I’ve put links to “Forming Consciences for Faithful Citizenship”, and other resources, in the footnotes.5
It’s been one of those weeks: so I’ll summarize the “Seven Themes of Catholic social teaching”, plus a few links — and then talk about why earnest folks with good intentions worry me.
Remembering Prohibition: High Ideals and Speakeasies
Oliver Herford’s cartoon (above) showing the dreadfully diabolical dangers of Demon Rum, and Cesare’s “The genii of intolerance / A dangerous ally for the cause of women suffrage” (right), present two views of Prohibition.
Folks pushing prohibition were, I think, sincere. They were also persistent and, at least temporarily, successful.
Wrecking my country’s alcohol industry became national policy in 1919, with the Eighteenth Amendment to our Constitution.
From 1920 to 1933, we witnessed the social and spiritual benefits of speakeasies, moonshine, and bootlegging.
The Constitution’s Twenty-first Amendment put an end to that noble and high-minded experiment. I think my country’s Prohibition binge was a stupid idea.
I’ll admit to a bias, and that’s even more topics.6
I’m bringing Prohibition up now, because I think it’s an example of a law that was just simply reeking of high ideals and good intentions — and a cautionary tale, showing what can happen when high ideals get shoved down our throats.
Particularly high ideals aimed folks with the ‘wrong’ ancestors, and I’m wandering off-topic again.
I don’t think any of America’s subcultures has a monopoly on stupid ideas.
Now, finally, I’m getting to something Pope Francis said on his flight back to Rome, September 13, 2024: with a Catholic News Service video and an excerpt from USCCB News.
Pope Francis and Our Choices
I’d have preferred hearing the pope speak in my native language, but like I said earlier: the Church is καθολικός, universal. I’m just glad we have folks who translated what he said.

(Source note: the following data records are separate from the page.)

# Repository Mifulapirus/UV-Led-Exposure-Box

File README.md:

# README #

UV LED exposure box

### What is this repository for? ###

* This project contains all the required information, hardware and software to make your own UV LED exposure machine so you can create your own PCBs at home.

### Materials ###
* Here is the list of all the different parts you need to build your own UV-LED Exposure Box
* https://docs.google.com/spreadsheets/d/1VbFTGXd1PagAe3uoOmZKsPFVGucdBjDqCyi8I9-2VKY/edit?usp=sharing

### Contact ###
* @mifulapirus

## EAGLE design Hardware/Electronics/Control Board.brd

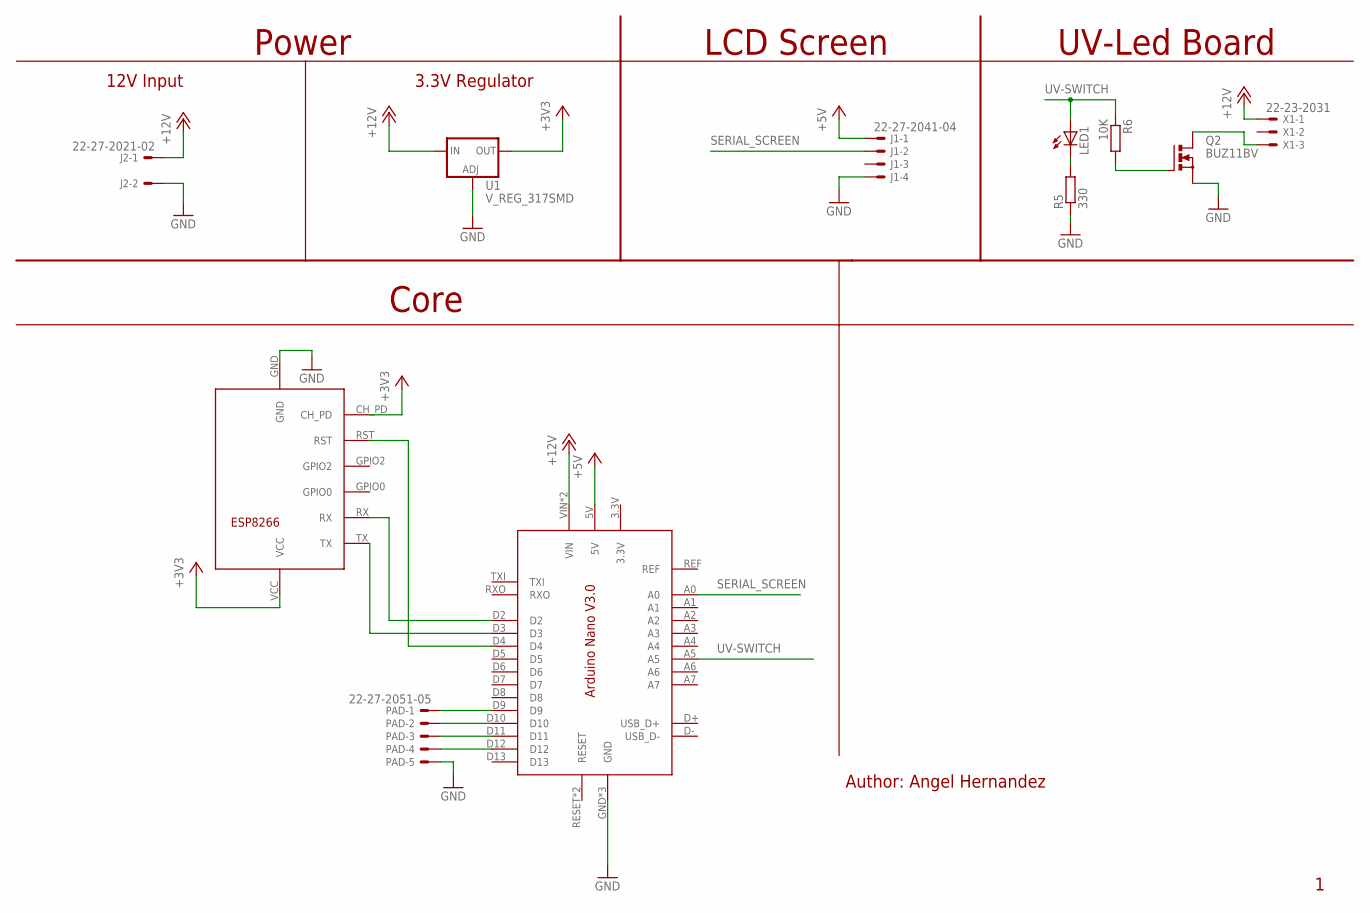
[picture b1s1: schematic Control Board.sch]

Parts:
J1: 22-27-2041-04; 6410-04
J2: 22-27-2021-02; 6410-02
LED1: LED3MM
PAD: 22-27-2051-05; 6410-05
Q2: BUZ11BV; TO220BV
R5: 330; 0204/7
R6: 10K; 0204/7
U1: V_REG_317SMD; SOT223
U$1: ARDUINO_NANO_V3
U$2: ESP8266
X1: 22-23-2031

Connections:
+3V3: U1.2 (OUT), U$2.CH_PD, U$2.VCC
+5V: J1.1, U$1.5V
+12V: J2.1, U1.3 (IN), U$1.VIN, U$1.VUSB (VIN), X1.1
GND: J1.4, J2.2, PAD.5, Q2.S, R5.1, U1.1 (ADJ), U$1.GND, U$1.GND1 (GND), U$1.GND_USB (GND), U$2.GND
unnamed: Q2.D, X1.3
unnamed: U$1.D3, U$2.TX
unnamed: U$1.D2, U$2.RX
unnamed: PAD.1, U$1.D9
unnamed: PAD.2, U$1.D10
unnamed: PAD.3, U$1.D11
unnamed: PAD.4, U$1.D12
unnamed: LED1.K (C), R5.2
unnamed: Q2.G, R6.2
unnamed: U$1.D4, U$2.RST
SERIAL_SCREEN: J1.2, U$1.A0
UV-SWITCH: LED1.A, R6.1, U$1.A5

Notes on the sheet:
UV-Led Board
Power
LCD Screen
Author: Angel Hernandez
12V Input
3.3V Regulator
Core

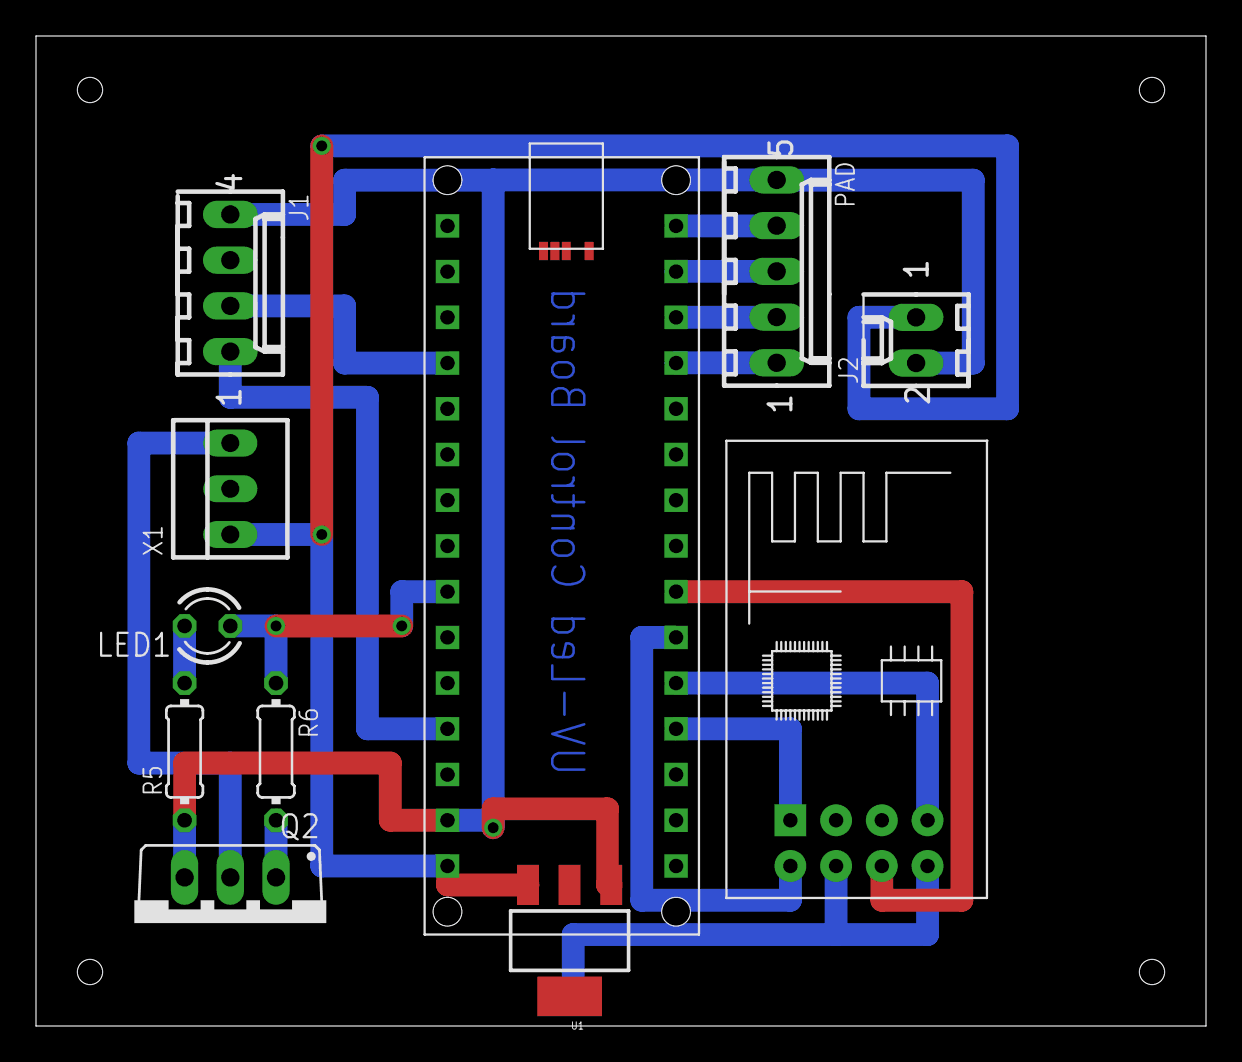
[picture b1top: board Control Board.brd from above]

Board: 2 copper layers, 65.0 x 55.0 mm, 11 parts (0 on the bottom side), 16 nets.

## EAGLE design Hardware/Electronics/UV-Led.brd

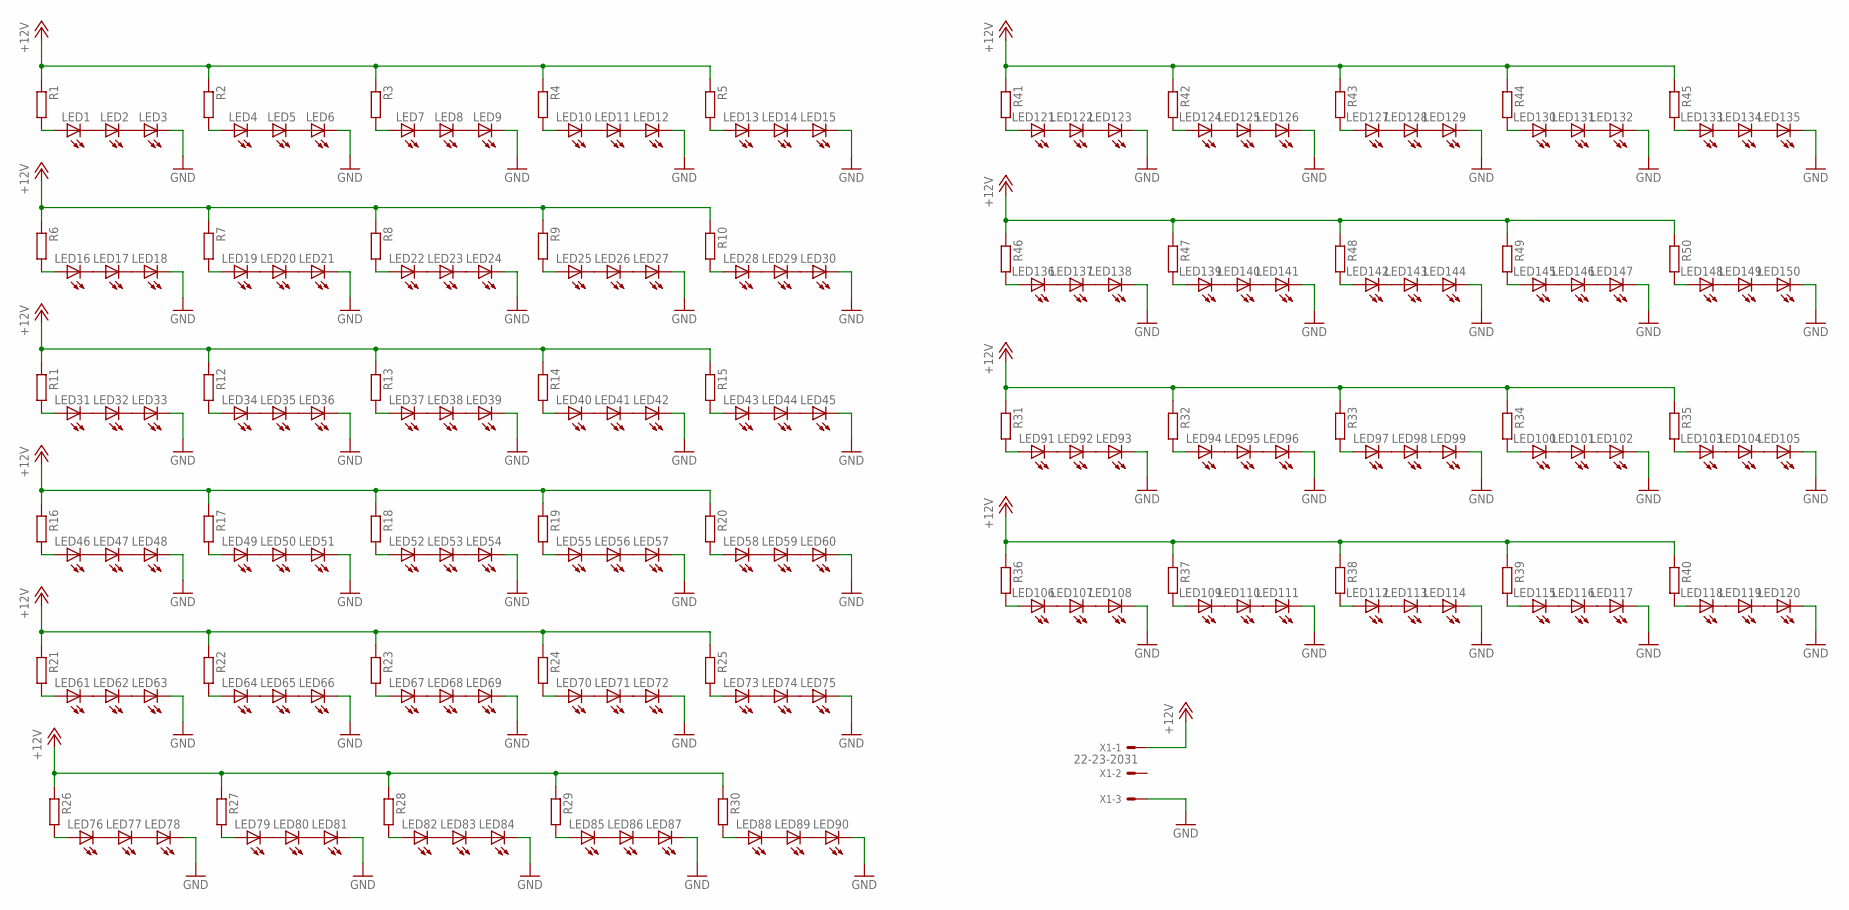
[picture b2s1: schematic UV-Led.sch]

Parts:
LED1, LED2, LED3, LED4, LED5, LED6, LED7, LED8, LED9, LED10, LED11, LED12, LED13, LED14, LED15, LED16, LED17, LED18, LED19, LED20, LED21, LED22, LED23, LED24, LED25, LED26, LED27, LED28, LED29, LED30, LED31, LED32, LED33, LED34, LED35, LED36, LED37, LED38, LED39, LED40, LED41, LED42, LED43, LED44, LED45, LED46, LED47, LED48, LED49, LED50, LED51, LED52, LED53, LED54, LED55, LED56, LED57, LED58, LED59, LED60, LED61, LED62, LED63, LED64, LED65, LED66, LED67, LED68, LED69, LED70, LED71, LED72, LED73, LED74, LED75, LED76, LED77, LED78, LED79, LED80, LED81, LED82, LED83, LED84, LED85, LED86, LED87, LED88, LED89, LED90, LED91, LED92, LED93, LED94, LED95, LED96, LED97, LED98, LED99, LED100, LED101, LED102, LED103, LED104, LED105, LED106, LED107, LED108, LED109, LED110, LED111, LED112, LED113, LED114, LED115, LED116, LED117, LED118, LED119, LED120, LED121, LED122, LED123, LED124, LED125, LED126, LED127, LED128, LED129, LED130, LED131, LED132, LED133, LED134, LED135, LED136, LED137, LED138, LED139, LED140, LED141, LED142, LED143, LED144, LED145, LED146, LED147, LED148, LED149, LED150: LED5MM
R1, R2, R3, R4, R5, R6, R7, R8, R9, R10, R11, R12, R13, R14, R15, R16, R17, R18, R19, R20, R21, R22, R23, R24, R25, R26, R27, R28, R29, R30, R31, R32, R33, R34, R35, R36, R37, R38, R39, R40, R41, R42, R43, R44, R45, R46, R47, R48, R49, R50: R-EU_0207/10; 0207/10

The following excerpt is longer than most that I share.
I’m including all seven paragraphs because I think they do a good job, explaining why the Church says that killing innocent people isn’t nice and we shouldn’t do it. And why treating foreigners as if they were people is a good idea.
“…A U.S. television reporter asked him about the choice Catholic voters face between Harris, who supports legalized abortion, and Trump, who wants to severely restrict immigration and has said he wants to deport tens of thousands of migrants.
“Both attitudes ‘are against life: the one who wants to throw out the migrants and the one who kills children,’ the pope said. ‘Both are against life.’
“In the Old Testament, he said, God’s people are repeatedly reminded to care for ‘widows, orphans and the stranger,’ that is, the migrant. They are the three that the People of Israel must protect. The one who does not care for migrants is lacking; it is a sin.’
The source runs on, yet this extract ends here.